Molecule 3 in d₆-DMSO displays a similar ¹H NMR pattern like those of 1 with slight difference of chemical resonance for the H⁶ and H⁷ protons (Fig. 7 and S2 in ESI†). Both H⁶ and H⁷ signals are started to broaden, while these are as triplet and doublet in the free H-tbim and the methyl substituted tripodal molecule II. However, the H⁶ proton signal was more upfield shifted similar to 1. The result indicates that molecule 3 also adopts the cyclic aromatic trimer structure like those of I, II, and 1. The broadness of H⁶ and H⁷ resonance may be due to either the tbim unit oscillates back and forth slowly or the presence of mixture of syn-conformers, which undergo a slow equilibrium on the NMR time scale. Other protons of the tbim unit in 3 appeared as sharp signals.

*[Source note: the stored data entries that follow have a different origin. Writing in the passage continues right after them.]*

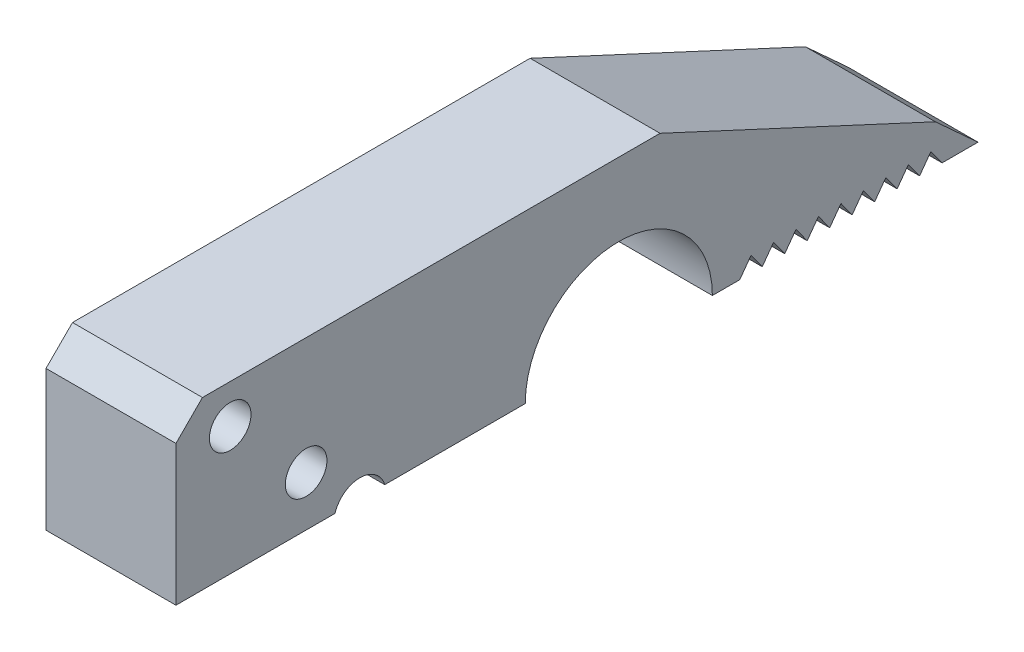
ISO-10303-21;
HEADER;
FILE_DESCRIPTION(('STEP AP214'),'2;1');
FILE_NAME('part.step','',(''),(''),'','','');
FILE_SCHEMA(('AUTOMOTIVE_DESIGN { 1 0 10303 214 1 1 1 1 }'));
ENDSEC;
DATA;
#1=APPLICATION_CONTEXT('core data for automotive mechanical design processes');
#2=APPLICATION_PROTOCOL_DEFINITION('international standard','automotive_design',2000,#1);
#3=PRODUCT_CONTEXT('',#1,'mechanical');
#4=PRODUCT('Part','Part','',(#3));
#5=PRODUCT_RELATED_PRODUCT_CATEGORY('part','',(#4));
#6=PRODUCT_DEFINITION_FORMATION('','',#4);
#7=PRODUCT_DEFINITION_CONTEXT('part definition',#1,'design');
#8=PRODUCT_DEFINITION('design','',#6,#7);
#9=PRODUCT_DEFINITION_SHAPE('','',#8);
#10=(LENGTH_UNIT() NAMED_UNIT(*) SI_UNIT(.MILLI.,.METRE.));
#11=(NAMED_UNIT(*) PLANE_ANGLE_UNIT() SI_UNIT($,.RADIAN.));
#12=(NAMED_UNIT(*) SI_UNIT($,.STERADIAN.) SOLID_ANGLE_UNIT());
#13=UNCERTAINTY_MEASURE_WITH_UNIT(LENGTH_MEASURE(1.E-05),#10,'distance_accuracy_value','');
#14=(GEOMETRIC_REPRESENTATION_CONTEXT(3) GLOBAL_UNCERTAINTY_ASSIGNED_CONTEXT((#13)) GLOBAL_UNIT_ASSIGNED_CONTEXT((#10,
#11,#12)) REPRESENTATION_CONTEXT('',''));
#15=CARTESIAN_POINT('',(0.,0.,0.));
#16=DIRECTION('',(0.,0.,1.));
#17=DIRECTION('',(1.,0.,0.));
#18=AXIS2_PLACEMENT_3D('',#15,#16,#17);
#19=CARTESIAN_POINT('',(10.,-1.98943737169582,-3.36560939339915));
#20=DIRECTION('',(-1.,0.,0.));
#21=DIRECTION('',(0.,0.,1.));
#22=AXIS2_PLACEMENT_3D('',#19,#20,#21);
#23=PLANE('',#22);
#24=DIRECTION('',(0.,0.,-1.));
#25=VECTOR('',#24,1.);
#26=CARTESIAN_POINT('',(10.,-1.40674556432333,10.7902319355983));
#27=LINE('',#26,#25);
#28=CARTESIAN_POINT('',(10.,-1.40674556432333,10.7902319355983));
#29=VERTEX_POINT('',#28);
#30=CARTESIAN_POINT('',(10.,-1.40674556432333,-1.45237384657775));
#31=VERTEX_POINT('',#30);
#32=EDGE_CURVE('E323',#29,#31,#27,.T.);
#33=ORIENTED_EDGE('',*,*,#32,.T.);
#34=CARTESIAN_POINT('',(10.,-1.98943737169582,-3.36560939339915));
#35=DIRECTION('',(-1.,0.,0.));
#36=DIRECTION('',(0.,0.,1.));
#37=AXIS2_PLACEMENT_3D('',#34,#35,#36);
#38=CIRCLE('',#37,2.);
#39=CARTESIAN_POINT('',(10.,-1.40674556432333,-5.27884494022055));
#40=VERTEX_POINT('',#39);
#41=EDGE_CURVE('E166',#31,#40,#38,.T.);
#42=ORIENTED_EDGE('',*,*,#41,.T.);
#43=DIRECTION('',(0.,0.,-1.));
#44=VECTOR('',#43,1.);
#45=CARTESIAN_POINT('',(10.,-1.40674556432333,-5.27884494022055));
#46=LINE('',#45,#44);
#47=CARTESIAN_POINT('',(10.,-1.40674556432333,-16.0922624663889));
#48=VERTEX_POINT('',#47);
#49=EDGE_CURVE('E401',#40,#48,#46,.T.);
#50=ORIENTED_EDGE('',*,*,#49,.T.);
#51=CARTESIAN_POINT('',(10.,-1.40674556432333,-23.2922624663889));
#52=DIRECTION('',(-1.,0.,0.));
#53=DIRECTION('',(0.,0.,1.));
#54=AXIS2_PLACEMENT_3D('',#51,#52,#53);
#55=CIRCLE('',#54,7.2);
#56=CARTESIAN_POINT('',(10.,-1.40674556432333,-30.4922624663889));
#57=VERTEX_POINT('',#56);
#58=EDGE_CURVE('E420',#48,#57,#55,.T.);
#59=ORIENTED_EDGE('',*,*,#58,.T.);
#60=DIRECTION('',(0.,0.,-1.));
#61=VECTOR('',#60,1.);
#62=CARTESIAN_POINT('',(10.,-1.40674556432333,-30.4922624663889));
#63=LINE('',#62,#61);
#64=CARTESIAN_POINT('',(10.,-1.40674556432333,-32.6011015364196));
#65=VERTEX_POINT('',#64);
#66=EDGE_CURVE('E417',#57,#65,#63,.T.);
#67=ORIENTED_EDGE('',*,*,#66,.T.);
#68=DIRECTION('',(0.,0.809016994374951,-0.587785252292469));
#69=VECTOR('',#68,1.);
#70=CARTESIAN_POINT('',(10.,-1.40674556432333,-32.6011015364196));
#71=LINE('',#70,#69);
#72=CARTESIAN_POINT('',(10.,-0.216175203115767,-33.4661015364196));
#73=VERTEX_POINT('',#72);
#74=EDGE_CURVE('E419',#65,#73,#71,.T.);
#75=ORIENTED_EDGE('',*,*,#74,.T.);
#76=DIRECTION('',(0.,-0.809016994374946,-0.587785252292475));
#77=VECTOR('',#76,1.);
#78=CARTESIAN_POINT('',(10.,-0.216175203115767,-33.4661015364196));
#79=LINE('',#78,#77);
#80=CARTESIAN_POINT('',(10.,-1.40674556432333,-34.3311015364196));
#81=VERTEX_POINT('',#80);
#82=EDGE_CURVE('E422',#73,#81,#79,.T.);
#83=ORIENTED_EDGE('',*,*,#82,.T.);
#84=DIRECTION('',(0.,0.809016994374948,-0.587785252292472));
#85=VECTOR('',#84,1.);
#86=CARTESIAN_POINT('',(10.,-1.40674556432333,-34.3311015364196));
#87=LINE('',#86,#85);
#88=CARTESIAN_POINT('',(10.,-0.216175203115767,-35.1961015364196));
#89=VERTEX_POINT('',#88);
#90=EDGE_CURVE('E428',#81,#89,#87,.T.);
#91=ORIENTED_EDGE('',*,*,#90,.T.);
#92=DIRECTION('',(0.,-0.809016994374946,-0.587785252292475));
#93=VECTOR('',#92,1.);
#94=CARTESIAN_POINT('',(10.,-0.216175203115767,-35.1961015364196));
#95=LINE('',#94,#93);
#96=CARTESIAN_POINT('',(10.,-1.40674556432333,-36.0611015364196));
#97=VERTEX_POINT('',#96);
#98=EDGE_CURVE('E430',#89,#97,#95,.T.);
#99=ORIENTED_EDGE('',*,*,#98,.T.);
#100=DIRECTION('',(0.,0.809016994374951,-0.587785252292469));
#101=VECTOR('',#100,1.);
#102=CARTESIAN_POINT('',(10.,-1.40674556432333,-36.0611015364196));
#103=LINE('',#102,#101);
#104=CARTESIAN_POINT('',(10.,-0.216175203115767,-36.9261015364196));
#105=VERTEX_POINT('',#104);
#106=EDGE_CURVE('E432',#97,#105,#103,.T.);
#107=ORIENTED_EDGE('',*,*,#106,.T.);
#108=DIRECTION('',(0.,-0.809016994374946,-0.587785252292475));
#109=VECTOR('',#108,1.);
#110=CARTESIAN_POINT('',(10.,-0.216175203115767,-36.9261015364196));
#111=LINE('',#110,#109);
#112=CARTESIAN_POINT('',(10.,-1.40674556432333,-37.7911015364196));
#113=VERTEX_POINT('',#112);
#114=EDGE_CURVE('E434',#105,#113,#111,.T.);
#115=ORIENTED_EDGE('',*,*,#114,.T.);
#116=DIRECTION('',(0.,0.809016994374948,-0.587785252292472));
#117=VECTOR('',#116,1.);
#118=CARTESIAN_POINT('',(10.,-1.40674556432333,-37.7911015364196));
#119=LINE('',#118,#117);
#120=CARTESIAN_POINT('',(10.,-0.216175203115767,-38.6561015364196));
#121=VERTEX_POINT('',#120);
#122=EDGE_CURVE('E436',#113,#121,#119,.T.);
#123=ORIENTED_EDGE('',*,*,#122,.T.);
#124=DIRECTION('',(0.,-0.809016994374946,-0.587785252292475));
#125=VECTOR('',#124,1.);
#126=CARTESIAN_POINT('',(10.,-0.216175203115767,-38.6561015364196));
#127=LINE('',#126,#125);
#128=CARTESIAN_POINT('',(10.,-1.40674556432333,-39.5211015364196));
#129=VERTEX_POINT('',#128);
#130=EDGE_CURVE('E438',#121,#129,#127,.T.);
#131=ORIENTED_EDGE('',*,*,#130,.T.);
#132=DIRECTION('',(0.,0.809016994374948,-0.587785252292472));
#133=VECTOR('',#132,1.);
#134=CARTESIAN_POINT('',(10.,-1.40674556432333,-39.5211015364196));
#135=LINE('',#134,#133);
#136=CARTESIAN_POINT('',(10.,-0.216175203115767,-40.3861015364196));
#137=VERTEX_POINT('',#136);
#138=EDGE_CURVE('E440',#129,#137,#135,.T.);
#139=ORIENTED_EDGE('',*,*,#138,.T.);
#140=DIRECTION('',(0.,-0.809016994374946,-0.587785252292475));
#141=VECTOR('',#140,1.);
#142=CARTESIAN_POINT('',(10.,-0.216175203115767,-40.3861015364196));
#143=LINE('',#142,#141);
#144=CARTESIAN_POINT('',(10.,-1.40674556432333,-41.2511015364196));
#145=VERTEX_POINT('',#144);
#146=EDGE_CURVE('E442',#137,#145,#143,.T.);
#147=ORIENTED_EDGE('',*,*,#146,.T.);
#148=DIRECTION('',(0.,0.809016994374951,-0.587785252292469));
#149=VECTOR('',#148,1.);
#150=CARTESIAN_POINT('',(10.,-1.40674556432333,-41.2511015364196));
#151=LINE('',#150,#149);
#152=CARTESIAN_POINT('',(10.,-0.216175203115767,-42.1161015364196));
#153=VERTEX_POINT('',#152);
#154=EDGE_CURVE('E444',#145,#153,#151,.T.);
#155=ORIENTED_EDGE('',*,*,#154,.T.);
#156=DIRECTION('',(0.,-0.809016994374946,-0.587785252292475));
#157=VECTOR('',#156,1.);
#158=CARTESIAN_POINT('',(10.,-0.216175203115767,-42.1161015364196));
#159=LINE('',#158,#157);
#160=CARTESIAN_POINT('',(10.,-1.40674556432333,-42.9811015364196));
#161=VERTEX_POINT('',#160);
#162=EDGE_CURVE('E446',#153,#161,#159,.T.);
#163=ORIENTED_EDGE('',*,*,#162,.T.);
#164=DIRECTION('',(0.,0.809016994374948,-0.587785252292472));
#165=VECTOR('',#164,1.);
#166=CARTESIAN_POINT('',(10.,-1.40674556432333,-42.9811015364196));
#167=LINE('',#166,#165);
#168=CARTESIAN_POINT('',(10.,-0.216175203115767,-43.8461015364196));
#169=VERTEX_POINT('',#168);
#170=EDGE_CURVE('E448',#161,#169,#167,.T.);
#171=ORIENTED_EDGE('',*,*,#170,.T.);
#172=DIRECTION('',(0.,-0.809016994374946,-0.587785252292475));
#173=VECTOR('',#172,1.);
#174=CARTESIAN_POINT('',(10.,-0.216175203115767,-43.8461015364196));
#175=LINE('',#174,#173);
#176=CARTESIAN_POINT('',(10.,-1.40674556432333,-44.7111015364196));
#177=VERTEX_POINT('',#176);
#178=EDGE_CURVE('E450',#169,#177,#175,.T.);
#179=ORIENTED_EDGE('',*,*,#178,.T.);
#180=DIRECTION('',(0.,0.809016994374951,-0.587785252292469));
#181=VECTOR('',#180,1.);
#182=CARTESIAN_POINT('',(10.,-1.40674556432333,-44.7111015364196));
#183=LINE('',#182,#181);
#184=CARTESIAN_POINT('',(10.,-0.216175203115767,-45.5761015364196));
#185=VERTEX_POINT('',#184);
#186=EDGE_CURVE('E452',#177,#185,#183,.T.);
#187=ORIENTED_EDGE('',*,*,#186,.T.);
#188=DIRECTION('',(0.,-0.809016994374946,-0.587785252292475));
#189=VECTOR('',#188,1.);
#190=CARTESIAN_POINT('',(10.,-0.216175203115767,-45.5761015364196));
#191=LINE('',#190,#189);
#192=CARTESIAN_POINT('',(10.,-1.40674556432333,-46.4411015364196));
#193=VERTEX_POINT('',#192);
#194=EDGE_CURVE('E454',#185,#193,#191,.T.);
#195=ORIENTED_EDGE('',*,*,#194,.T.);
#196=DIRECTION('',(0.,0.809016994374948,-0.587785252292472));
#197=VECTOR('',#196,1.);
#198=CARTESIAN_POINT('',(10.,-1.40674556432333,-46.4411015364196));
#199=LINE('',#198,#197);
#200=CARTESIAN_POINT('',(10.,-0.216175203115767,-47.3061015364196));
#201=VERTEX_POINT('',#200);
#202=EDGE_CURVE('E456',#193,#201,#199,.T.);
#203=ORIENTED_EDGE('',*,*,#202,.T.);
#204=DIRECTION('',(0.,-0.809016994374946,-0.587785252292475));
#205=VECTOR('',#204,1.);
#206=CARTESIAN_POINT('',(10.,-0.216175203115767,-47.3061015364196));
#207=LINE('',#206,#205);
#208=CARTESIAN_POINT('',(10.,-1.40674556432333,-48.1711015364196));
#209=VERTEX_POINT('',#208);
#210=EDGE_CURVE('E458',#201,#209,#207,.T.);
#211=ORIENTED_EDGE('',*,*,#210,.T.);
#212=DIRECTION('',(0.,0.,-1.));
#213=VECTOR('',#212,1.);
#214=CARTESIAN_POINT('',(10.,-1.40674556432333,-48.1711015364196));
#215=LINE('',#214,#213);
#216=CARTESIAN_POINT('',(10.,-1.40674556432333,-50.9331652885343));
#217=VERTEX_POINT('',#216);
#218=EDGE_CURVE('E460',#209,#217,#215,.T.);
#219=ORIENTED_EDGE('',*,*,#218,.T.);
#220=DIRECTION('',(0.,0.674774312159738,0.738024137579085));
#221=VECTOR('',#220,1.);
#222=CARTESIAN_POINT('',(10.,-1.40674556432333,-50.9331652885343));
#223=LINE('',#222,#221);
#224=CARTESIAN_POINT('',(10.,1.59354352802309,-47.6516447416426));
#225=VERTEX_POINT('',#224);
#226=EDGE_CURVE('E462',#217,#225,#223,.T.);
#227=ORIENTED_EDGE('',*,*,#226,.T.);
#228=DIRECTION('',(0.,0.420711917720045,0.907194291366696));
#229=VECTOR('',#228,1.);
#230=CARTESIAN_POINT('',(10.,11.4186627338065,-26.4654323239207));
#231=LINE('',#230,#229);
#232=CARTESIAN_POINT('',(10.,11.4186627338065,-26.4654323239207));
#233=VERTEX_POINT('',#232);
#234=EDGE_CURVE('E248',#225,#233,#231,.T.);
#235=ORIENTED_EDGE('',*,*,#234,.T.);
#236=DIRECTION('',(0.,0.,1.));
#237=VECTOR('',#236,1.);
#238=CARTESIAN_POINT('',(10.,11.4186627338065,8.75025672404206));
#239=LINE('',#238,#237);
#240=CARTESIAN_POINT('',(10.,11.4186627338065,8.75025672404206));
#241=VERTEX_POINT('',#240);
#242=EDGE_CURVE('E242',#233,#241,#239,.T.);
#243=ORIENTED_EDGE('',*,*,#242,.T.);
#244=DIRECTION('',(0.,-0.707106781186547,0.707106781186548));
#245=VECTOR('',#244,1.);
#246=CARTESIAN_POINT('',(10.,11.4186627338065,8.75025672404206));
#247=LINE('',#246,#245);
#248=CARTESIAN_POINT('',(10.,9.37868752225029,10.7902319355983));
#249=VERTEX_POINT('',#248);
#250=EDGE_CURVE('E246',#241,#249,#247,.T.);
#251=ORIENTED_EDGE('',*,*,#250,.T.);
#252=DIRECTION('',(0.,-1.,0.));
#253=VECTOR('',#252,1.);
#254=CARTESIAN_POINT('',(10.,-1.40674556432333,10.7902319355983));
#255=LINE('',#254,#253);
#256=EDGE_CURVE('E60',#249,#29,#255,.T.);
#257=ORIENTED_EDGE('',*,*,#256,.T.);
#258=EDGE_LOOP('',(#33,#42,#50,#59,#67,#75,#83,#91,#99,#107,#115,#123,#131,#139,#147,#155,#163,
#171,#179,#187,#195,#203,#211,#219,#227,#235,#243,#251,#257));
#259=FACE_BOUND('',#258,.T.);
#260=CARTESIAN_POINT('',(10.,8.42980623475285,6.61369818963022));
#261=DIRECTION('',(1.,0.,0.));
#262=DIRECTION('',(0.,0.,-1.));
#263=AXIS2_PLACEMENT_3D('',#260,#261,#262);
#264=CIRCLE('',#263,1.6);
#265=CARTESIAN_POINT('',(10.,8.42980623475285,5.01369818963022));
#266=VERTEX_POINT('',#265);
#267=EDGE_CURVE('E270',#266,#266,#264,.T.);
#268=ORIENTED_EDGE('',*,*,#267,.F.);
#269=EDGE_LOOP('',(#268));
#270=FACE_BOUND('',#269,.T.);
#271=CARTESIAN_POINT('',(10.,2.43369588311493,0.772529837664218));
#272=DIRECTION('',(1.,0.,0.));
#273=DIRECTION('',(0.,0.,-1.));
#274=AXIS2_PLACEMENT_3D('',#271,#272,#273);
#275=CIRCLE('',#274,1.6);
#276=CARTESIAN_POINT('',(10.,2.43369588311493,-0.827470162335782));
#277=VERTEX_POINT('',#276);
#278=EDGE_CURVE('E503',#277,#277,#275,.T.);
#279=ORIENTED_EDGE('',*,*,#278,.F.);
#280=EDGE_LOOP('',(#279));
#281=FACE_BOUND('',#280,.T.);
#282=ADVANCED_FACE('F43',(#259,#270,#281),#23,.F.);
#283=CARTESIAN_POINT('',(0.,-1.98943737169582,-3.36560939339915));
#284=DIRECTION('',(-1.,0.,0.));
#285=DIRECTION('',(0.,0.,1.));
#286=AXIS2_PLACEMENT_3D('',#283,#284,#285);
#287=PLANE('',#286);
#288=CARTESIAN_POINT('',(0.,8.42980623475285,6.61369818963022));
#289=DIRECTION('',(1.,0.,0.));
#290=DIRECTION('',(0.,0.,-1.));
#291=AXIS2_PLACEMENT_3D('',#288,#289,#290);
#292=CIRCLE('',#291,1.6);
#293=CARTESIAN_POINT('',(0.,8.42980623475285,5.01369818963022));
#294=VERTEX_POINT('',#293);
#295=EDGE_CURVE('E508',#294,#294,#292,.T.);
#296=ORIENTED_EDGE('',*,*,#295,.T.);
#297=EDGE_LOOP('',(#296));
#298=FACE_BOUND('',#297,.T.);
#299=DIRECTION('',(0.,0.,-1.));
#300=VECTOR('',#299,1.);
#301=CARTESIAN_POINT('',(0.,-1.40674556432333,10.7902319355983));
#302=LINE('',#301,#300);
#303=CARTESIAN_POINT('',(0.,-1.40674556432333,10.7902319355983));
#304=VERTEX_POINT('',#303);
#305=CARTESIAN_POINT('',(0.,-1.40674556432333,-1.45237384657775));
#306=VERTEX_POINT('',#305);
#307=EDGE_CURVE('E266',#304,#306,#302,.T.);
#308=ORIENTED_EDGE('',*,*,#307,.F.);
#309=DIRECTION('',(0.,-1.,0.));
#310=VECTOR('',#309,1.);
#311=CARTESIAN_POINT('',(0.,-1.40674556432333,10.7902319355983));
#312=LINE('',#311,#310);
#313=CARTESIAN_POINT('',(0.,9.37868752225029,10.7902319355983));
#314=VERTEX_POINT('',#313);
#315=EDGE_CURVE('E158',#314,#304,#312,.T.);
#316=ORIENTED_EDGE('',*,*,#315,.F.);
#317=DIRECTION('',(0.,-0.707106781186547,0.707106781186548));
#318=VECTOR('',#317,1.);
#319=CARTESIAN_POINT('',(0.,11.4186627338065,8.75025672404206));
#320=LINE('',#319,#318);
#321=CARTESIAN_POINT('',(0.,11.4186627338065,8.75025672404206));
#322=VERTEX_POINT('',#321);
#323=EDGE_CURVE('E152',#322,#314,#320,.T.);
#324=ORIENTED_EDGE('',*,*,#323,.F.);
#325=DIRECTION('',(0.,0.,1.));
#326=VECTOR('',#325,1.);
#327=CARTESIAN_POINT('',(0.,11.4186627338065,8.75025672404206));
#328=LINE('',#327,#326);
#329=CARTESIAN_POINT('',(0.,11.4186627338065,-26.4654323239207));
#330=VERTEX_POINT('',#329);
#331=EDGE_CURVE('E256',#330,#322,#328,.T.);
#332=ORIENTED_EDGE('',*,*,#331,.F.);
#333=DIRECTION('',(0.,0.420711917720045,0.907194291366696));
#334=VECTOR('',#333,1.);
#335=CARTESIAN_POINT('',(0.,11.4186627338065,-26.4654323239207));
#336=LINE('',#335,#334);
#337=CARTESIAN_POINT('',(0.,1.59354352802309,-47.6516447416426));
#338=VERTEX_POINT('',#337);
#339=EDGE_CURVE('E318',#338,#330,#336,.T.);
#340=ORIENTED_EDGE('',*,*,#339,.F.);
#341=DIRECTION('',(0.,0.674774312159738,0.738024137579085));
#342=VECTOR('',#341,1.);
#343=CARTESIAN_POINT('',(0.,-1.40674556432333,-50.9331652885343));
#344=LINE('',#343,#342);
#345=CARTESIAN_POINT('',(0.,-1.40674556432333,-50.9331652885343));
#346=VERTEX_POINT('',#345);
#347=EDGE_CURVE('E316',#346,#338,#344,.T.);
#348=ORIENTED_EDGE('',*,*,#347,.F.);
#349=DIRECTION('',(0.,0.,-1.));
#350=VECTOR('',#349,1.);
#351=CARTESIAN_POINT('',(0.,-1.40674556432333,-48.1711015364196));
#352=LINE('',#351,#350);
#353=CARTESIAN_POINT('',(0.,-1.40674556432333,-48.1711015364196));
#354=VERTEX_POINT('',#353);
#355=EDGE_CURVE('E314',#354,#346,#352,.T.);
#356=ORIENTED_EDGE('',*,*,#355,.F.);
#357=DIRECTION('',(0.,-0.809016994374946,-0.587785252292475));
#358=VECTOR('',#357,1.);
#359=CARTESIAN_POINT('',(0.,-0.216175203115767,-47.3061015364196));
#360=LINE('',#359,#358);
#361=CARTESIAN_POINT('',(0.,-0.216175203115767,-47.3061015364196));
#362=VERTEX_POINT('',#361);
#363=EDGE_CURVE('E312',#362,#354,#360,.T.);
#364=ORIENTED_EDGE('',*,*,#363,.F.);
#365=DIRECTION('',(0.,0.809016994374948,-0.587785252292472));
#366=VECTOR('',#365,1.);
#367=CARTESIAN_POINT('',(0.,-1.40674556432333,-46.4411015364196));
#368=LINE('',#367,#366);
#369=CARTESIAN_POINT('',(0.,-1.40674556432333,-46.4411015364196));
#370=VERTEX_POINT('',#369);
#371=EDGE_CURVE('E310',#370,#362,#368,.T.);
#372=ORIENTED_EDGE('',*,*,#371,.F.);
#373=DIRECTION('',(0.,-0.809016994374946,-0.587785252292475));
#374=VECTOR('',#373,1.);
#375=CARTESIAN_POINT('',(0.,-0.216175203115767,-45.5761015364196));
#376=LINE('',#375,#374);
#377=CARTESIAN_POINT('',(0.,-0.216175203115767,-45.5761015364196));
#378=VERTEX_POINT('',#377);
#379=EDGE_CURVE('E308',#378,#370,#376,.T.);
#380=ORIENTED_EDGE('',*,*,#379,.F.);
#381=DIRECTION('',(0.,0.809016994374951,-0.587785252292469));
#382=VECTOR('',#381,1.);
#383=CARTESIAN_POINT('',(0.,-1.40674556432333,-44.7111015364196));
#384=LINE('',#383,#382);
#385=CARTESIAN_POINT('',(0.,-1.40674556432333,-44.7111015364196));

Fig. 7 Partial variable temperature ¹H NMR spectra of 3 in d₆-DMSO.

In order to ascertain this, a variable temperature ¹H NMR experiment was performed for 1 and 3. A single set of well-resolved chemical resonances was observed for both 1 and 3 in d₆-DMSO at 50/100 °C. In particular, the H⁶ and H⁷ appeared as triplet and doublet with slight downfield shift at high temperature (Fig. 7 and S3†). At low temperature (−55 °C), the H⁶ and H⁷ protons of 1 were shifted upfield significantly in relative to room-temperature chemical resonances in CDCl₃ (Fig. S4†). No additional peaks were observed at −55 °C for compound 1. Compound 3 showed a single set of peaks for all the protons except H⁶ and H⁷ protons (Fig. S5†). Three sets of broad peaks were observed for H⁶ and H⁷ protons of 3. The results indicate that three types of syn-conformers exist in solution, which undergo rapid equilibrium at high temperature (50/100 °C), and slow equilibrium at low temperature (−55 °C). Further, the above results reveal that compounds 1 and 3 adopt syn-conformation in d₆-DMSO and CDCl₃.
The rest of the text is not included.